New findings from Flinders University have demonstrated a molecular link between COVID-19 and serotonin cells in the gut.
The research could help provide further clues to what could be driving COVID-19 infection and disease severity and supports previous evidence that antidepressants, known as selective serotonin reuptake inhibitors (SSRIs), could reduce the severity of COVID symptoms.
COVID-19 displays an array of symptoms, which can regularly include gastrointestinal issues such as diarrhoea. Recent research has indicated that these gut symptoms in COVID-19 patients worsen with the severity of the disease, and this is linked to heightened gut-derived serotonin, released to cause gut dysfunction, increasing the body’s immune response and potentially worsening patient outcomes.

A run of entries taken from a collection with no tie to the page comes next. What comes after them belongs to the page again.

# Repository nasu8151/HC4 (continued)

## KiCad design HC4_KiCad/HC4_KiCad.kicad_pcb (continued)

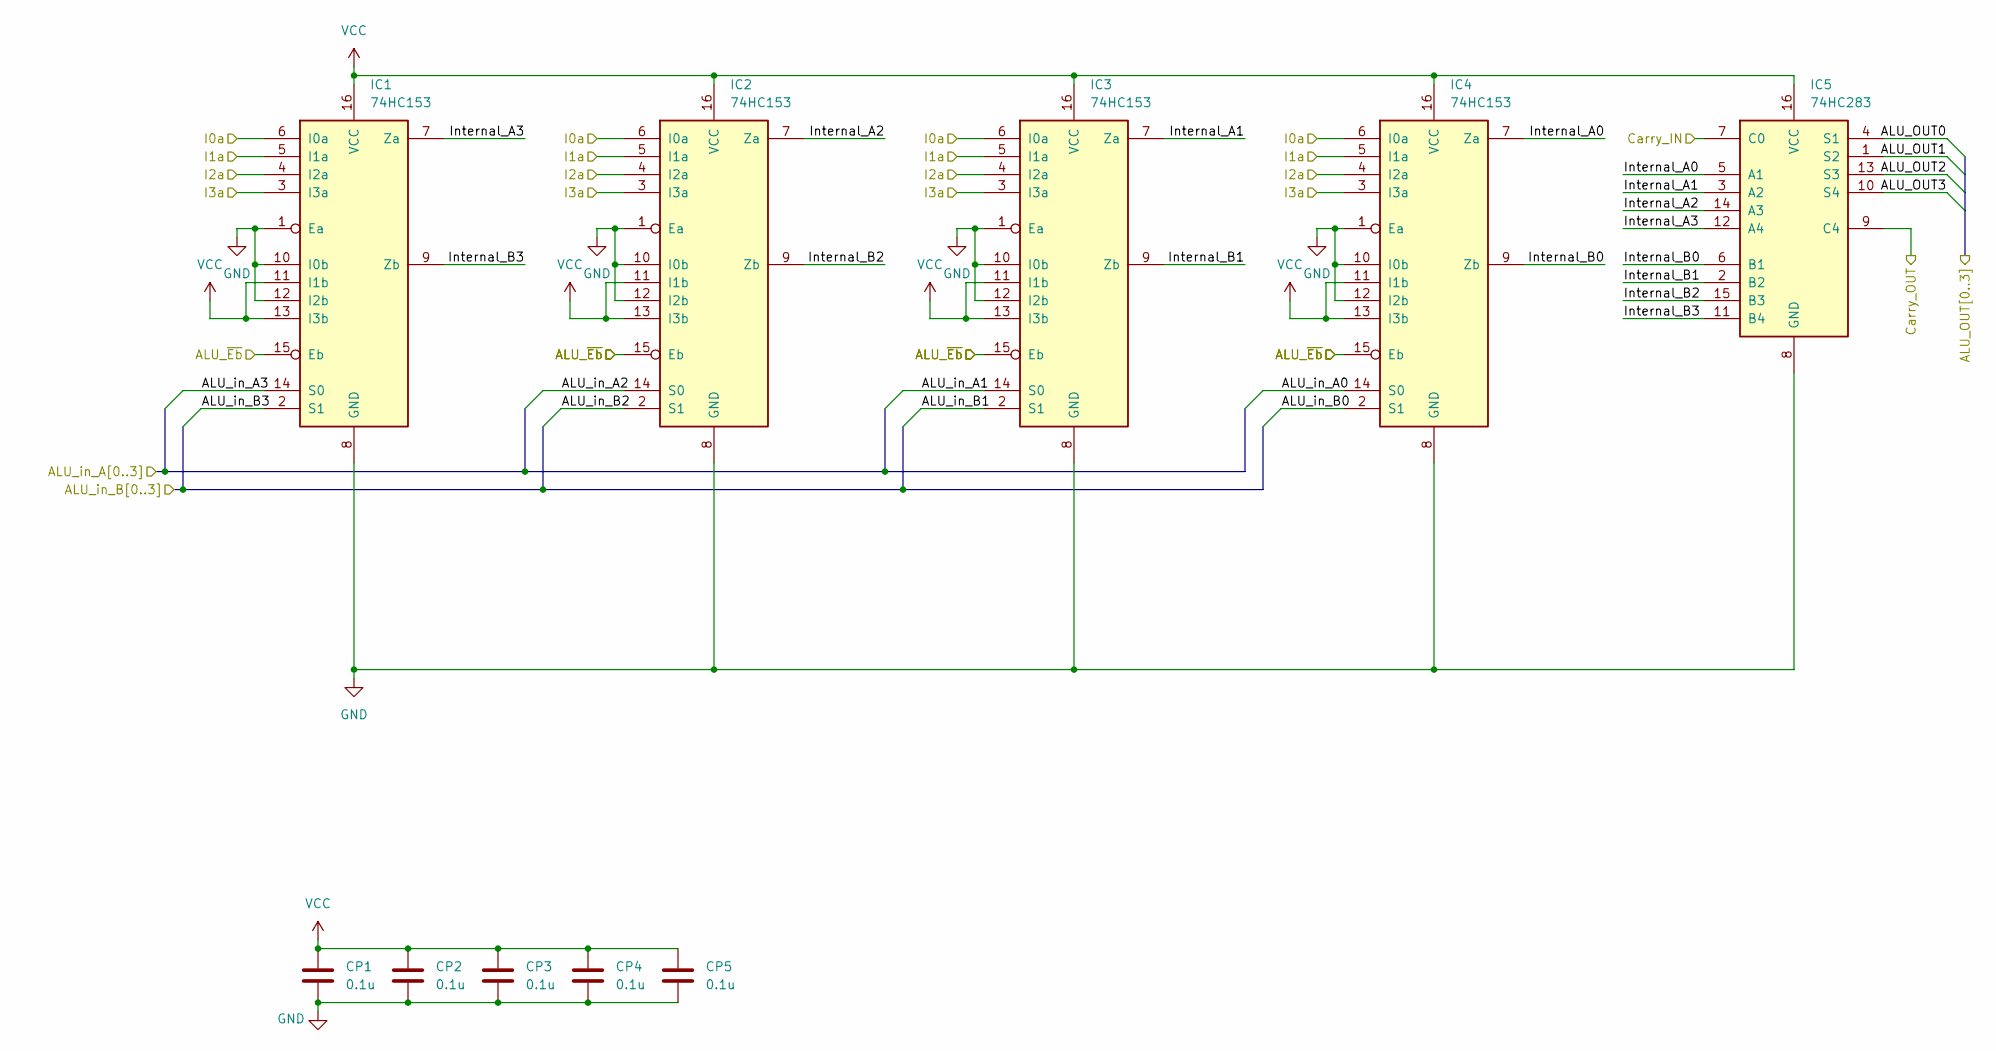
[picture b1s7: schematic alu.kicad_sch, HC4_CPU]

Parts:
CP1, CP2, CP3, CP4, CP5: 0.1u; C_0603_1608Metric
IC1, IC2, IC3, IC4: 74HC153; DIP-16_W7.62mm
IC5: 74HC283; DIP-16_W7.62mm

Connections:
/ALU/ALU_OUT0: IC5.4 (S1); also elsewhere on the board
/ALU/ALU_OUT1: IC5.1 (S2); also elsewhere on the board
/ALU/ALU_OUT2: IC5.13 (S3); also elsewhere on the board
/ALU/ALU_OUT3: IC5.10 (S4); also elsewhere on the board
/ALU/ALU_in_A0: IC4.14 (S0); also elsewhere on the board
/ALU/ALU_in_A1: IC3.14 (S0); also elsewhere on the board
/ALU/ALU_in_A2: IC2.14 (S0); also elsewhere on the board
/ALU/ALU_in_A3: IC1.14 (S0); also elsewhere on the board
/ALU/ALU_in_B0: IC4.2 (S1); also elsewhere on the board
/ALU/ALU_in_B1: IC3.2 (S1); also elsewhere on the board
/ALU/ALU_in_B2: IC2.2 (S1); also elsewhere on the board
/ALU/ALU_in_B3: IC1.2 (S1); also elsewhere on the board
/ALU/Carry_IN: IC1.6 (I0a), IC2.6 (I0a), IC3.6 (I0a), IC4.6 (I0a), IC5.7 (C0); also elsewhere on the board
/ALU/Carry_OUT: IC5.9 (C4); also elsewhere on the board
/ALU/I1a: IC1.5 (I1a), IC2.5 (I1a), IC3.5 (I1a), IC4.5 (I1a); also elsewhere on the board
/ALU/I2a: IC1.4 (I2a), IC2.4 (I2a), IC3.4 (I2a), IC4.4 (I2a); also elsewhere on the board
/ALU/I3a: IC1.3 (I3a), IC2.3 (I3a), IC3.3 (I3a), IC4.3 (I3a); also elsewhere on the board
/ALU/Internal_A0: IC4.7 (Za), IC5.5 (A1)
/ALU/Internal_A1: IC3.7 (Za), IC5.3 (A2)
/ALU/Internal_A2: IC2.7 (Za), IC5.14 (A3)
/ALU/Internal_A3: IC1.7 (Za), IC5.12 (A4)
/ALU/Internal_B0: IC4.9 (Zb), IC5.6 (B1)
/ALU/Internal_B1: IC3.9 (Zb), IC5.2 (B2)
/ALU/Internal_B2: IC2.9 (Zb), IC5.15 (B3)
/ALU/Internal_B3: IC1.9 (Zb), IC5.11 (B4)
/Instruction Decoder/~Carry_EN: IC1.15 (Eb), IC2.15 (Eb), IC3.15 (Eb), IC4.15 (Eb); also elsewhere on the board
GND: CP1.2, CP2.2, CP3.2, CP4.2, CP5.2, IC1.1 (Ea), IC1.8 (GND), IC1.10 (I0b), IC1.12 (I2b), IC2.1 (Ea), IC2.8 (GND), IC2.10 (I0b), IC2.12 (I2b), IC3.1 (Ea), IC3.8 (GND), IC3.10 (I0b), IC3.12 (I2b), IC4.1 (Ea), IC4.8 (GND), IC4.10 (I0b), IC4.12 (I2b), IC5.8 (GND); also elsewhere on the board
VCC: CP1.1, CP2.1, CP3.1, CP4.1, CP5.1, IC1.11 (I1b), IC1.13 (I3b), IC1.16 (VCC), IC2.11 (I1b), IC2.13 (I3b), IC2.16 (VCC), IC3.11 (I1b), IC3.13 (I3b), IC3.16 (VCC), IC4.11 (I1b), IC4.13 (I3b), IC4.16 (VCC), IC5.16 (VCC); also elsewhere on the board

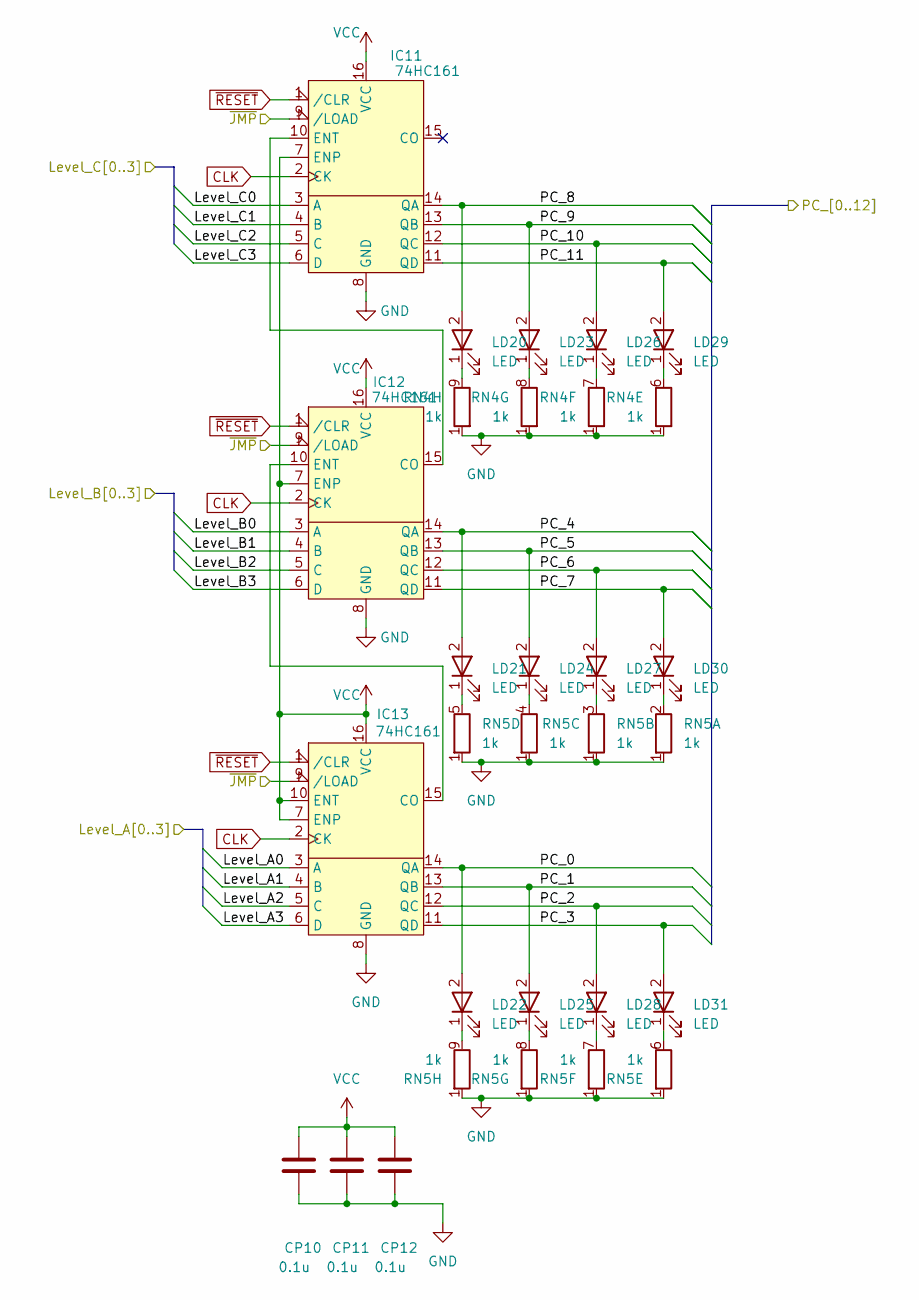
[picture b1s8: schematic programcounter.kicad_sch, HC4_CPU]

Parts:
CP10, CP11, CP12: 0.1u; C_0603_1608Metric
IC11, IC12, IC13: 74HC161; DIP-16_W7.62mm
LD20, LD21, LD22, LD23, LD24, LD25, LD26, LD27, LD28, LD29, LD30, LD31: LED; LED_Rectangular_W5.0mm_H2.0mm
RN4, RN5: 1k; R_Array_SIP9

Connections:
/ALU/ALU_in_A0: IC13.3 (A); also elsewhere on the board
/ALU/ALU_in_A1: IC13.4 (B); also elsewhere on the board
/ALU/ALU_in_A2: IC13.5 (C); also elsewhere on the board
/ALU/ALU_in_A3: IC13.6 (D); also elsewhere on the board
/ALU/ALU_in_B0: IC12.3 (A); also elsewhere on the board
/ALU/ALU_in_B1: IC12.4 (B); also elsewhere on the board
/ALU/ALU_in_B2: IC12.5 (C); also elsewhere on the board
/ALU/ALU_in_B3: IC12.6 (D); also elsewhere on the board
/Data BUS/Level_C0: IC11.3 (A); also elsewhere on the board
/Data BUS/Level_C1: IC11.4 (B); also elsewhere on the board
/Data BUS/Level_C2: IC11.5 (C); also elsewhere on the board
/Data BUS/Level_C3: IC11.6 (D); also elsewhere on the board
/Instruction Decoder/~JMP: IC11.9 (/LOAD), IC12.9 (/LOAD), IC13.9 (/LOAD); also elsewhere on the board
/Program Counter/PC_0: IC13.14 (QA), LD22.2; also elsewhere on the board
/Program Counter/PC_1: IC13.13 (QB), LD25.2; also elsewhere on the board
/Program Counter/PC_2: IC13.12 (QC), LD28.2; also elsewhere on the board
/Program Counter/PC_3: IC13.11 (QD), LD31.2; also elsewhere on the board
/Program Counter/PC_4: IC12.14 (QA), LD21.2; also elsewhere on the board
/Program Counter/PC_5: IC12.13 (QB), LD24.2; also elsewhere on the board
/Program Counter/PC_6: IC12.12 (QC), LD27.2; also elsewhere on the board
/Program Counter/PC_7: IC12.11 (QD), LD30.2; also elsewhere on the board
/Program Counter/PC_8: IC11.14 (QA), LD20.2; also elsewhere on the board
/Program Counter/PC_9: IC11.13 (QB), LD23.2; also elsewhere on the board
/Program Counter/PC_10: IC11.12 (QC), LD26.2; also elsewhere on the board
/Program Counter/PC_11: IC11.11 (QD), LD29.2; also elsewhere on the board
CLK: IC11.2 (CK), IC12.2 (CK), IC13.2 (CK); also elsewhere on the board
GND: CP10.2, CP11.2, CP12.2, IC11.8 (GND), IC12.8 (GND), IC13.8 (GND), RN4.1 (R1), RN5.1 (R1); also elsewhere on the board
unnamed: IC11.10 (ENT), IC12.15 (CO)
unnamed: IC12.10 (ENT), IC13.15 (CO)
unnamed: LD20.1 (K_1), RN4.9 (R8.2)
unnamed: LD21.1 (K_1), RN5.5 (R4.2)
unnamed: LD22.1 (K_1), RN5.9 (R8.2)
unnamed: LD23.1 (K_1), RN4.8 (R7.2)
unnamed: LD24.1 (K_1), RN5.4 (R3.2)
unnamed: LD25.1 (K_1), RN5.8 (R7.2)
unnamed: LD26.1 (K_1), RN4.7 (R6.2)
unnamed: LD27.1 (K_1), RN5.3 (R2.2)
unnamed: LD28.1 (K_1), RN5.7 (R6.2)
unnamed: LD29.1 (K_1), RN4.6 (R5.2)
unnamed: LD30.1 (K_1), RN5.2 (R1.2)
unnamed: LD31.1 (K_1), RN5.6 (R5.2)
VCC: CP10.1, CP11.1, CP12.1, IC11.7 (ENP), IC11.16 (VCC), IC12.7 (ENP), IC12.16 (VCC), IC13.7 (ENP), IC13.10 (ENT), IC13.16 (VCC); also elsewhere on the board
~RESET: IC11.1 (/CLR), IC12.1 (/CLR), IC13.1 (/CLR); also elsewhere on the board

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
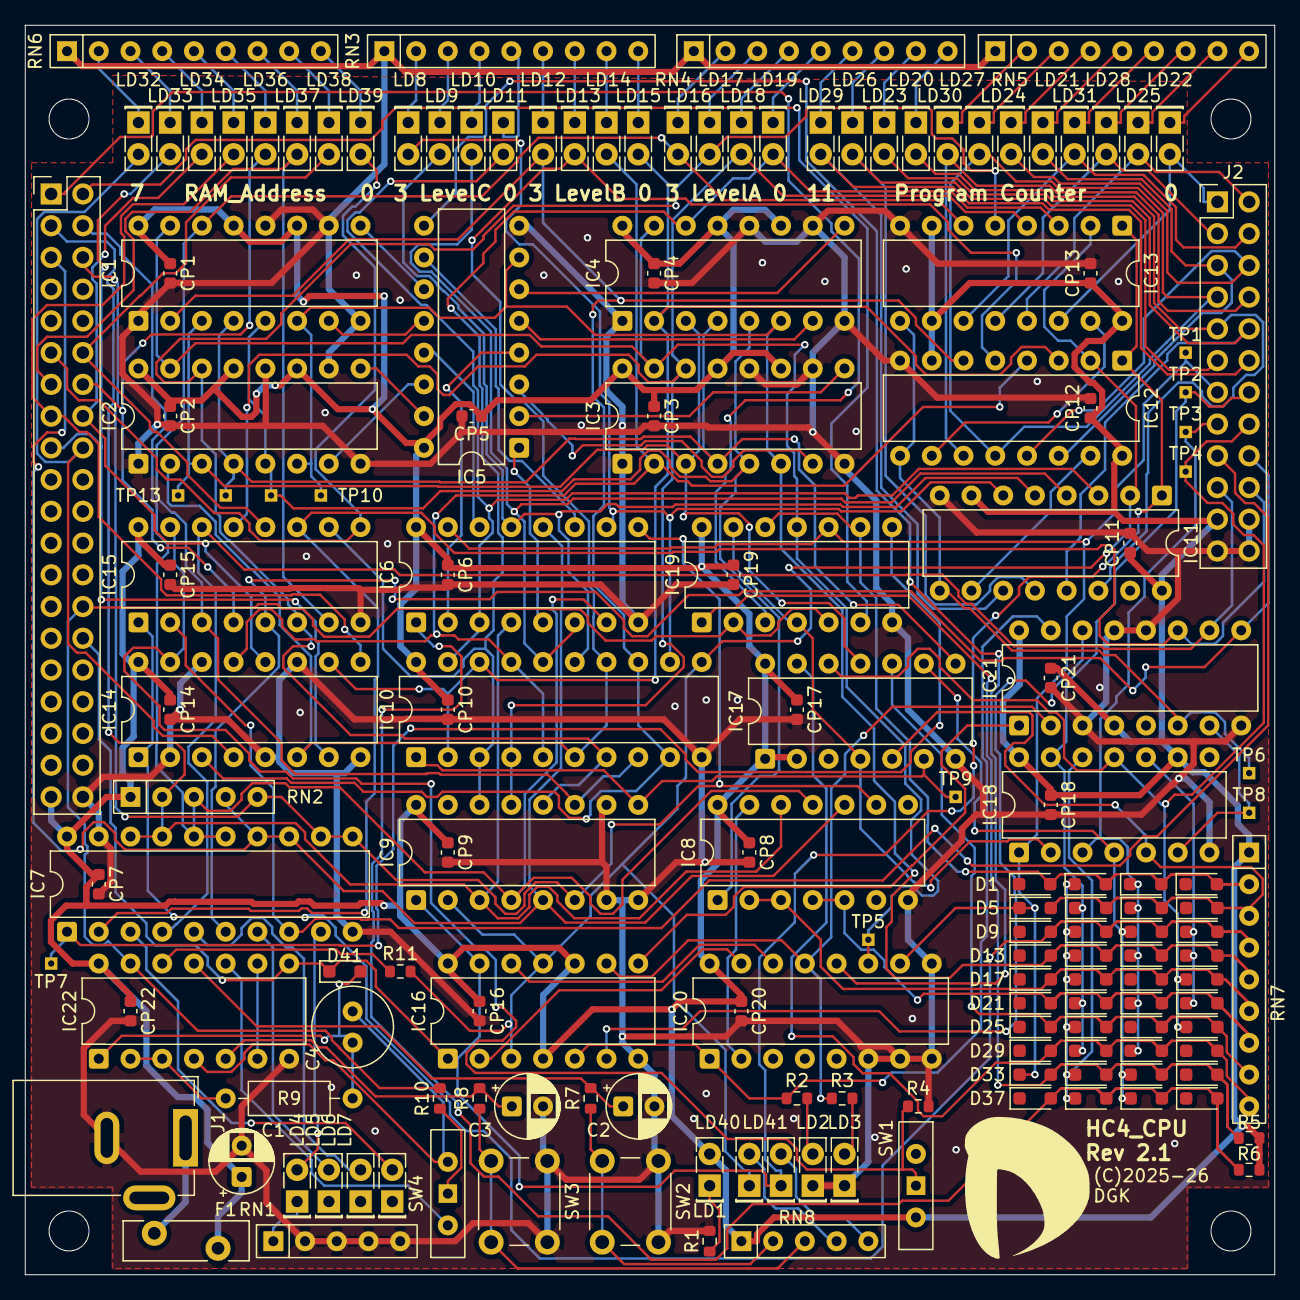
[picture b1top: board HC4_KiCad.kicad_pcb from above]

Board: 2 copper layers, 100.0 x 100.0 mm, 174 parts (0 on the bottom side), 150 nets.

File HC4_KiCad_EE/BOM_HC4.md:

| Value                       | Qty | Remarks                              |
| --------------------------- | --- | ------------------------------------ |
| Capacitor: 100u             | 1   |                                      |
| Capacitor: 10u              | 2   |                                      |
| Capacitor: 10u(Socket)      | 1   | Unipolar                             |
| Capacitor: 0.1u             | 24  |                                      |
| Zener: 5.6V                 | 1   |                                      |
| Diode: (1N4148 or equiv.)   | 40  |                                      |
| Polyfuse: 500mA             | 1   | For circuit protection               |
| RAM: (2716 ~ 27256)         | 1   |                                      |
| ROM: (6116~62256 or equiv.) | 1   | Write data hold time(tHD, tWHDX)=0ns |
| IC: 74HC153                 | 4   |                                      |
| IC: 74HC283                 | 1   |                                      |
| IC: 74HC257                 | 3   |                                      |
| IC: 74HC244                 | 1   |                                      |
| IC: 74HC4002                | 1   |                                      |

Published in the world’s leading gastrointestinal research journal Gut, this new collaborative study involved three Flinders research teams, including teams led by ARC DECRA Fellow Dr Alyce Martin and FAME Director of Bioinformatics and Human-Microbe Interactions, Professor Robert Edwards.
“Our study endeavoured to understand whether the gut could be a site of disease transmission and what genes might be associated with the virus entering the cells lining the gut wall,” says study senior author Professor Damien Keating, Deputy Director of the Flinders Health and Medical Research Institute and Head of the Gut Sensory Systems research group.
The researchers looked at gene expression amongst the different cell types that line the gut wall, analysing whole genome sequences from thousands of individual cells from within the intestine.